◆ **EXERCISE DIRECTIONS**
Write out each line of the entries below that holds the word "append".
### INPUT ###
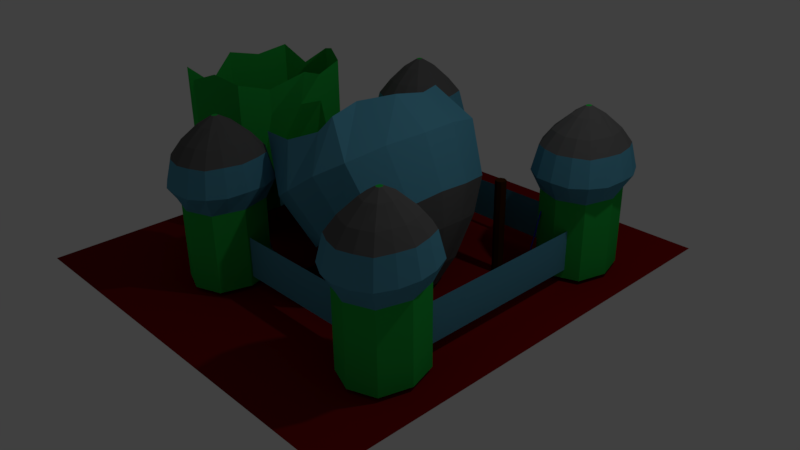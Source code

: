 # Source: SwordsSmith3d.blend  (saved by Blender 2.77.0; exported with 4.5.12 LTS)
import bpy
from mathutils import Matrix  # noqa: F401  (used for matrix-valued properties, if any)

bpy.ops.wm.read_factory_settings(use_empty=True)
scene = bpy.context.scene
scene.name = 'Scene'

# ---- collections
col_collection_1 = bpy.data.collections.new('Collection 1'); scene.collection.children.link(col_collection_1)

# ---- materials (node trees are filled in below, after node groups)
mat_material_010 = bpy.data.materials.new('Material.010')
mat_material_010.alpha_threshold = 0.0
mat_material_010.use_transparent_shadow = False
mat_material_010.diffuse_color = (0.05222, 0.01446, 0.0, 1.0)
mat_material_010.roughness = 0.5
mat_material_004 = bpy.data.materials.new('Material.004')
mat_material_004.alpha_threshold = 0.0
mat_material_004.use_transparent_shadow = False
mat_material_004.diffuse_color = (0.09292, 0.3327, 0.467, 1.0)
mat_material_004.roughness = 0.5
mat_material_001 = bpy.data.materials.new('Material.001')
mat_material_001.alpha_threshold = 0.0
mat_material_001.use_transparent_shadow = False
mat_material_001.diffuse_color = (0.02071, 0.467, 0.0615, 1.0)
mat_material_001.roughness = 0.5
mat_material_005 = bpy.data.materials.new('Material.005')
mat_material_005.alpha_threshold = 0.0
mat_material_005.use_transparent_shadow = False
mat_material_005.diffuse_color = (0.123, 0.123, 0.123, 1.0)
mat_material_005.roughness = 0.5
mat_material_005.line_color = (0.0, 0.0, 0.0, 1.0)
mat_material_006 = bpy.data.materials.new('Material.006')
mat_material_006.alpha_threshold = 0.0
mat_material_006.use_transparent_shadow = False
mat_material_006.diffuse_color = (0.196, 0.004045, 0.004045, 1.0)
mat_material_006.roughness = 0.5
mat_material_002 = bpy.data.materials.new('Material.002')
mat_material_002.alpha_threshold = 0.0
mat_material_002.use_transparent_shadow = False
mat_material_002.diffuse_color = (0.047, 0.01, 0.761, 1.0)
mat_material_002.roughness = 0.5
mat_material_003 = bpy.data.materials.new('Material.003')
mat_material_003.alpha_threshold = 0.0
mat_material_003.use_transparent_shadow = False
mat_material_003.diffuse_color = (0.047, 0.01, 0.761, 1.0)
mat_material_003.roughness = 0.5
mat_material_000 = bpy.data.materials.new('Material.000')
mat_material_000.alpha_threshold = 0.0
mat_material_000.use_transparent_shadow = False
mat_material_000.diffuse_color = (0.047, 0.01, 0.761, 1.0)
mat_material_000.roughness = 0.5
mat_material_008 = bpy.data.materials.new('Material.008')
mat_material_008.alpha_threshold = 0.0
mat_material_008.use_transparent_shadow = False
mat_material_008.diffuse_color = (0.047, 0.01, 0.761, 1.0)
mat_material_008.roughness = 0.5
mat_material_009 = bpy.data.materials.new('Material.009')
mat_material_009.alpha_threshold = 0.0
mat_material_009.use_transparent_shadow = False
mat_material_009.diffuse_color = (0.09292, 0.3327, 0.467, 1.0)
mat_material_009.roughness = 0.5

# ---- material node trees

# ---- world
world_world = bpy.data.worlds.new('World'); scene.world = world_world
world_world.color = (0.05088, 0.05088, 0.05088)
world_world.use_sun_shadow = False
world_world.sun_shadow_jitter_overblur = 0.0
world_world.cycles.sampling_method = 'MANUAL'

# ---- cameras
cam_camera = bpy.data.cameras.new('Camera')
cam_camera.clip_end = 100.0
cam_camera.lens = 35.0
cam_camera.sensor_width = 32.0
cam_camera.sensor_height = 18.0
cam_camera.ortho_scale = 7.314
cam_camera.dof.focus_distance = 0.0
cam_camera.dof.aperture_fstop = 128.0

# ---- lights
light_lamp = bpy.data.lights.new('Lamp', 'POINT')
light_lamp.transmission_factor = 0.0
light_lamp.cutoff_distance = 30.0
light_lamp.energy = 100.0
light_lamp.shadow_buffer_clip_start = 1.001
light_lamp.shadow_soft_size = 0.1
light_lamp.shadow_maximum_resolution = 0.006
light_lamp.use_absolute_resolution = True

# ---- meshes
me_cube_001 = bpy.data.meshes.new('Cube.001')
me_cube_001.from_pydata([(-1.0, -1.0, -1.0), (-1.0, -1.0, 1.0), (-1.0, 1.0, -1.0), (-1.0, 1.0, 1.0), (1.0, -1.0, -1.0), (1.0, -1.0, 1.0), (1.0, 1.0, -1.0), (1.0, 1.0, 1.0), (0.0, 1.399, 1.0), (0.0, 1.399, -1.0), (0.0, -1.399, 1.0), (0.0, -1.399, -1.0), (-1.358, 0.0, 1.0), (-1.358, 0.0, -1.0), (1.358, 0.0, 1.0), (1.358, 0.0, -1.0), (0.0, 0.0, 1.0), (0.0, 0.0, -1.0)], [], [(12, 3, 2, 13), (8, 7, 6, 9), (14, 5, 4, 15), (10, 1, 0, 11), (17, 9, 6, 15), (16, 8, 3, 12), (14, 7, 8, 16), (13, 2, 9, 17), (5, 10, 11, 4), (3, 8, 9, 2), (0, 13, 17, 11), (5, 14, 16, 10), (10, 16, 12, 1), (11, 17, 15, 4), (7, 14, 15, 6), (1, 12, 13, 0)])
me_cube_001.materials.append(mat_material_010)
me_cube_001.use_remesh_preserve_volume = False
me_cube_001.use_remesh_preserve_attributes = False
me_cube_001.use_mirror_vertex_groups = False
me_cube_001.update()
me_plane_003 = bpy.data.meshes.new('Plane.003')
me_plane_003.from_pydata([(-1.0, -1.0, 0.0), (1.0, -1.0, 0.0), (-1.0, 1.0, 0.0), (1.0, 1.0, 0.0)], [], [(0, 1, 3, 2)])
me_plane_003.materials.append(mat_material_004)
me_plane_003.use_remesh_preserve_volume = False
me_plane_003.use_remesh_preserve_attributes = False
me_plane_003.use_mirror_vertex_groups = False
me_plane_003.update()
me_plane = bpy.data.meshes.new('Plane')
me_plane.from_pydata([(-2.068, -0.9095, -1.052), (-0.8956, -0.9095, -1.052), (-2.068, 0.6729, -1.052), (-0.8956, 0.6729, -1.052), (-1.482, -1.171, -1.052), (-1.482, 0.9347, -1.052), (-2.262, -0.1183, -1.052), (-0.7016, -0.1183, 0.6811), (-1.482, -0.1183, -1.052), (-2.068, -0.9095, 1.059), (-0.8956, -0.9095, 1.059), (-2.068, 0.6729, 1.059), (-0.8956, 0.6729, 1.059), (-1.482, -1.171, 1.059), (-1.482, 0.9347, 1.059), (-2.262, -0.1183, 1.059), (-0.5909, -0.1183, 1.128), (-2.165, -0.5139, -1.052), (-0.7986, -0.5139, 0.6136), (-1.482, -0.6448, -1.052), (-2.165, -0.5139, 0.7409), (-0.7986, -0.5139, 0.9416), (-0.7986, 0.2773, 0.6136), (-1.482, 0.4082, -1.052), (-2.165, 0.2773, -1.052), (-0.7986, 0.2773, 0.972), (-2.165, 0.2773, 0.9739), (-1.189, -1.04, -1.052), (-1.189, 0.8038, -1.052), (-1.092, -0.1183, -0.1884), (-1.189, -1.04, 1.165), (-1.189, 0.8038, 1.139), (-1.14, -0.5794, -0.6202), (-1.14, 0.3427, -0.6202), (-1.783, 0.8001, -1.052), (-1.783, -1.037, -1.052), (-1.883, -0.1183, -1.052), (-1.783, 0.8001, 0.8306), (-1.783, -1.037, 0.7219), (-1.833, -0.5775, -1.052), (-1.833, 0.3409, -1.052), (0.9216, -0.9095, 1.117), (-0.04968, -0.9095, 0.4607), (0.9216, 0.6729, 1.117), (-0.04968, 0.6729, 0.4607), (0.436, -1.171, 0.7887), (0.436, 0.9347, 0.7887), (1.082, -0.1183, 1.225), (-0.2104, -0.1183, 0.3521), (1.642, -0.9838, 0.1482), (1.347, -1.113, 0.7551), (0.1269, -1.113, -0.06936), (1.347, 0.8759, 0.7551), (0.1269, 0.8759, -0.06936), (0.7371, -1.441, 0.3429), (0.7371, 1.205, 0.3429), (1.549, -0.1183, 0.8915), (0.2012, -0.1183, -0.6147), (1.737, -0.4396, -0.7126), (0.5798, -0.9838, -0.5695), (1.642, 0.7472, 0.1482), (0.5798, 0.7472, -0.5695), (1.111, -1.27, -0.2107), (1.111, 1.034, -0.2107), (1.818, -0.1183, 0.2669), (0.404, -0.1183, -0.6883), (1.691, -0.1805, -0.9877), (1.343, -0.4396, -0.9791), (1.737, 0.203, -0.7126), (1.343, 0.203, -0.9791), (1.54, -0.546, -0.8458), (1.54, 0.3093, -0.8458), (1.803, -0.1183, -0.6685), (1.278, -0.1183, -1.023), (1.615, -0.1805, -1.039), (1.691, -0.05616, -0.9877), (1.615, -0.05616, -1.039), (1.653, -0.201, -1.013), (1.653, -0.03559, -1.013), (1.704, -0.1183, -0.9792), (1.603, -0.1183, -1.048), (1.653, -0.1183, -1.013), (0.8655, -0.5139, 1.183), (-0.13, -0.5139, 0.4064), (1.473, -0.6387, 0.8587), (-0.01631, -0.6387, -0.1472), (1.768, -0.5713, 0.2141), (0.4715, -0.5713, -0.6615), (1.77, -0.279, -0.6906), (1.31, -0.279, -1.001), (1.698, -0.1494, -0.9834), (1.609, -0.1494, -1.044), (1.653, -0.1597, -1.013), (-0.13, 0.2773, 0.4064), (1.116, 0.2773, 1.161), (-0.01631, 0.4021, -0.1472), (1.473, 0.4021, 0.8587), (0.4715, 0.3347, -0.6615), (1.768, 0.3347, 0.2141), (1.31, 0.04234, -1.001), (1.77, 0.04234, -0.6906), (1.609, -0.08724, -1.044), (1.653, -0.07696, -1.013), (1.698, -0.08724, -0.9834), (-0.1415, -1.04, 0.7071), (0.1801, 0.8038, 0.4788), (0.4088, -1.331, 0.14), (0.4088, 1.095, 0.14), (0.8416, -1.174, -0.4116), (0.8416, 0.9377, -0.4116), (1.441, -0.4928, -0.9124), (1.441, 0.2562, -0.9124), (1.634, -0.1908, -1.026), (1.634, -0.04588, -1.026), (1.628, -0.1183, -1.031), (1.631, -0.1545, -1.028), (1.631, -0.0821, -1.028), (0.866, 0.8001, 0.9413), (0.8196, -1.037, 0.9455), (1.057, 1.09, 0.5777), (1.057, -1.326, 0.5777), (1.406, 0.9334, -0.03053), (1.406, -1.17, -0.03053), (1.641, 0.2546, -0.7773), (1.641, -0.4913, -0.7773), (1.673, -0.04617, -1.0), (1.673, -0.1905, -1.0), (1.679, -0.1183, -0.9958), (1.676, -0.1544, -0.998), (1.676, -0.08224, -0.998), (0.7983, -0.1183, -0.884), (0.9293, 0.5268, -0.7955), (1.721, -0.7634, -0.2605), (1.325, -0.9769, -0.528), (1.852, -0.1183, -0.172), (1.721, 0.5268, -0.2605), (1.325, 0.7402, -0.528), (0.9293, -0.7634, -0.7955), (0.8527, -0.4519, -0.8575), (1.807, -0.4519, -0.2127), (0.8527, 0.2153, -0.8575), (1.807, 0.2153, -0.2127), (1.125, -0.8959, -0.6734), (1.125, 0.6592, -0.6734), (1.541, 0.6561, -0.3928), (1.541, -0.8927, -0.3928), (-0.8883, -0.1183, -0.1236), (-0.6358, -0.1183, -0.6022), (-0.808, -0.5139, -0.0693), (-0.577, -0.6387, -0.5437), (-0.808, 0.2773, -0.0693), (-0.577, 0.4021, -0.5437), (-0.824, -0.4373, -0.08015), (-0.8401, -0.4055, -0.09101), (-0.8562, -0.2766, -0.1019), (-0.8723, -0.1974, -0.1127), (-0.5888, -0.4773, -0.5554), (-0.6005, -0.4356, -0.5671), (-0.6123, -0.3265, -0.5788), (-0.624, -0.2224, -0.5905), (-0.5247, -0.4773, -0.6502), (-0.5364, -0.4356, -0.662), (-0.8723, -0.0392, -0.1127), (-0.8562, 0.03992, -0.1019), (-0.8401, 0.1805, -0.09101), (-0.824, 0.2012, -0.08015), (-0.624, -0.01424, -0.5905), (-0.6123, 0.08985, -0.5788), (-0.6005, 0.2001, -0.5671), (-0.5888, 0.2273, -0.5554), (-0.5348, 0.2001, -0.6644), (-0.523, 0.2273, -0.6526), (-0.8803, -0.1579, -0.1181), (-0.6299, -0.1704, -0.5964), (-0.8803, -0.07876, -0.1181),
###
◆ **EXPECTED ANSWER**
me_cube_001.materials.append(mat_material_010)
me_plane_003.materials.append(mat_material_004)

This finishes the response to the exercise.